Like the look of the rocks. Not sure if it's too late but if you raise the substrate in between the rocks to create kind of like a slant, it might look pretty awesome. Plus you can plant stuff in between too.


----------



## CPD (Feb 7, 2012)

Asu1776 said:


> Like the look of the rocks. Not sure if it's too late but if you raise the substrate in between the rocks to create kind of like a slant, it might look pretty awesome. Plus you can plant stuff in between too.


That's not a bad idea at all! I was thinking of taking out the rocks on the right and use the five rocks on the left in the middle and work the plants around


Sent from my iPhone using Tapatalk


----------



## CPD (Feb 7, 2012)

Here's the latest and greatest developments. Comments and suggestions welcomed.










Sent from my iPhone using Tapatalk


----------



## crazydaz (Mar 18, 2007)

I like the look, Brendan. I would probably "pick a side" for the Limnophila to make one full "thicket," but otherwise it's coming along very nicely!!! Great work!


----------



## CPD (Feb 7, 2012)

How is this looking?











Sent from my iPhone using Tapatalk


----------



## kwheeler91 (May 26, 2009)

I have to disagree with mr.daz on the limno. Since your hardscape is centered and pretty much symmetrical and so are the rest of your plants I thought it looked better with the limno on both sides. A lot of folks will slam you for putting everything in the center and rant about gold ratio or whatever but I think what you are doing looks good and you should stick to your plan.

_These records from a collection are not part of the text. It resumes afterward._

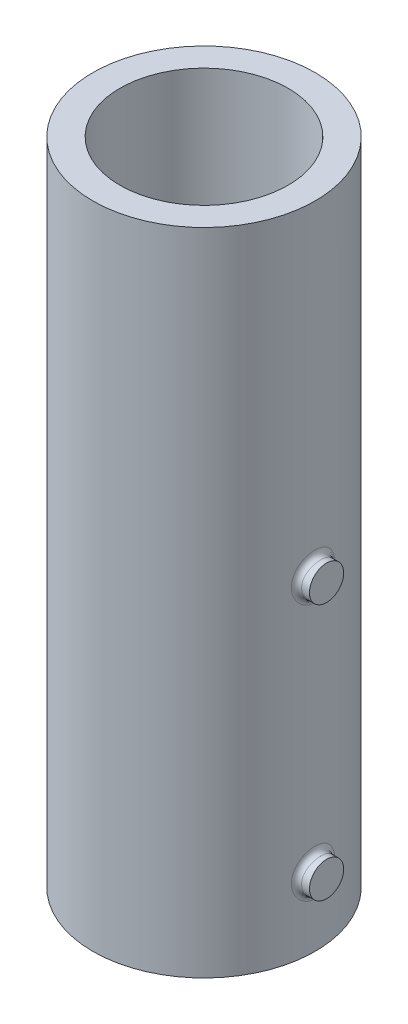
from build123d import *
from build123d.topology import SkipClean

# Parameters (mm, degrees)
SKETCH1_R                            = 19.5
SKETCH1_R_2                          = 14.75
BOSS_EXTRUDE1_DEPTH                  = 57
SKETCH2_R                            = 3
BOSS_EXTRUDE2_DEPTH                  = 2
BOSS_EXTRUDE2_DIRECTION_2_REACH      = 73.765
BOSS_EXTRUDE2_DIRECTION_2_END_RADIUS = 19.5
SKETCH3_R                            = 3
BOSS_EXTRUDE4_DEPTH                  = 2
BOSS_EXTRUDE4_DIRECTION_2_REACH      = 74.871
BOSS_EXTRUDE4_DIRECTION_2_END_RADIUS = 19.5
FILLET3_R                            = 1


with BuildPart() as part:
    # Sketch1 → Boss-Extrude1 (new, symmetric)
    with BuildSketch(Plane(origin=(0, 0, 0), x_dir=(1, 0, 0), z_dir=(0, 1, 0))):
        Circle(SKETCH1_R)
        Circle(SKETCH1_R_2, mode=Mode.SUBTRACT)
    extrude(amount=BOSS_EXTRUDE1_DEPTH, both=True)


with BuildPart() as body_2:
    # Sketch2 → Boss-Extrude2 (new body)
    with BuildSketch(Plane(origin=(19.5, 0, 0), x_dir=(0, 0, -1), z_dir=(1, 0, 0))):
        with Locations((0, -45)):
            Circle(SKETCH2_R)
        Circle(SKETCH2_R)
    extrude(amount=BOSS_EXTRUDE2_DEPTH)

    # Boss-Extrude2 direction 2: up to this cylinder (the profile starts outside it)
    with SkipClean():  # the faces are left unmerged after this step: merging them gives an invalid solid
        boss_extrude2_direction_2_end = Plane(origin=(0, -22.5, 0), z_dir=(0, -1, 0)) * Cylinder(BOSS_EXTRUDE2_DIRECTION_2_END_RADIUS, 232.53, mode=Mode.PRIVATE)
        # Sketch2 → Boss-Extrude2 direction 2 (add, up to the surface)
        with BuildSketch(Plane(origin=(19.5, 0, 0), x_dir=(0, 0, -1), z_dir=(1, 0, 0)), mode=Mode.PRIVATE) as boss_extrude2_direction_2_sk1:
            with Locations((0, -45)):
                Circle(SKETCH2_R)
        boss_extrude2_direction_2_tool1 = extrude(boss_extrude2_direction_2_sk1.sketch, amount=-BOSS_EXTRUDE2_DIRECTION_2_REACH, mode=Mode.PRIVATE) - boss_extrude2_direction_2_end
        add(boss_extrude2_direction_2_tool1.solids().sort_by_distance((19.5, -45, 0))[0])
        add(boss_extrude2_direction_2_tool1.solids().sort_by_distance((19.5, -45, 0))[1])
        # Sketch2 → Boss-Extrude2 direction 2 (add, up to the surface)
        with BuildSketch(Plane(origin=(19.5, 0, 0), x_dir=(0, 0, -1), z_dir=(1, 0, 0)), mode=Mode.PRIVATE) as boss_extrude2_direction_2_sk2:
            Circle(SKETCH2_R)
        boss_extrude2_direction_2_tool2 = extrude(boss_extrude2_direction_2_sk2.sketch, amount=-BOSS_EXTRUDE2_DIRECTION_2_REACH, mode=Mode.PRIVATE) - boss_extrude2_direction_2_end
        add(boss_extrude2_direction_2_tool2.solids().sort_by_distance((19.5, 0, 0))[0])
        add(boss_extrude2_direction_2_tool2.solids().sort_by_distance((19.5, 0, 0))[1])


with BuildPart() as body_3:
    # Sketch3 → Boss-Extrude4 (new body)
    with BuildSketch(Plane.ZY.offset(19.5)):
        Circle(SKETCH3_R)
    extrude(amount=BOSS_EXTRUDE4_DEPTH)

    # Boss-Extrude4 direction 2: up to this cylinder (the profile starts outside it)
    with SkipClean():  # the faces are left unmerged after this step: merging them gives an invalid solid
        boss_extrude4_direction_2_end = Plane(origin=(0, 0, 0), z_dir=(0, -1, 0)) * Cylinder(BOSS_EXTRUDE4_DIRECTION_2_END_RADIUS, 189.742, mode=Mode.PRIVATE)
        # Sketch3 → Boss-Extrude4 direction 2 (add, up to the surface)
        with BuildSketch(Plane.ZY.offset(19.5), mode=Mode.PRIVATE) as boss_extrude4_direction_2_sk1:
            Circle(SKETCH3_R)
        boss_extrude4_direction_2_tool1 = extrude(boss_extrude4_direction_2_sk1.sketch, amount=-BOSS_EXTRUDE4_DIRECTION_2_REACH, mode=Mode.PRIVATE) - boss_extrude4_direction_2_end
        add(boss_extrude4_direction_2_tool1.solids().sort_by_distance((-19.5, 0, 0))[0])
        add(boss_extrude4_direction_2_tool1.solids().sort_by_distance((-19.5, 0, 0))[1])


with BuildPart() as body_2_1:
    add(body_2.part)

    # Combine1: union part, body 3
    add(part.part)
    add(body_3.part)

    # Fillet3
    fillet3_edges = [body_2_1.edges().sort_by_distance(p)[0] for p in [
        (-19.267848866, 0, -3.000000015),
        (19.384270612, -47.121307729, -2.121332964),
        (19.384270592, 2.121307735, -2.121332972),
    ]]
    fillet(fillet3_edges, radius=FILLET3_R)


solid = body_2_1.part

On a side note, your pictures are really dark and its hard to see. Maybe your exposure is set too low, but I'm guessing the problem is your light facing directly into the camera. Try putting something in front the fixture from the top of the tank and up to the light. Should help a lot.


----------



## CPD (Feb 7, 2012)

kwheeler91 said:


> I have to disagree with mr.daz on the limno. Since your hardscape is centered and pretty much symmetrical and so are the rest of your plants I thought it looked better with the limno on both sides. A lot of folks will slam you for putting everything in the center and rant about gold ratio or whatever but I think what you are doing looks good and you should stick to your plan.
> 
> On a side note, your pictures are really dark and its hard to see. Maybe your exposure is set too low, but I'm guessing the problem is your light facing directly into the camera. Try putting something in front the fixture from the top of the tank and up to the light. Should help a lot.


I was thinking that now I have that space on the left I might do a blyxxa patch. Also I'm just taking these photos with my iPhone so I'll try having my room light on and see if that makes a difference.


Sent from my iPhone using Tapatalk


----------



## crazydaz (Mar 18, 2007)

Oh Mr. Wheeler.  chances are very likely that over the long term, the tank will not end up looking symmetrical. The stems of Limno could be trimmed (and will have to be, eventually), and as soon as that happens, you will have varying growth rate. The Blyxa will also grow slightly different from each stem as well. Shorter stems of Limno placed slightly in front of the right most rock would be all he would need to do on order to create a more natural feel to the tank.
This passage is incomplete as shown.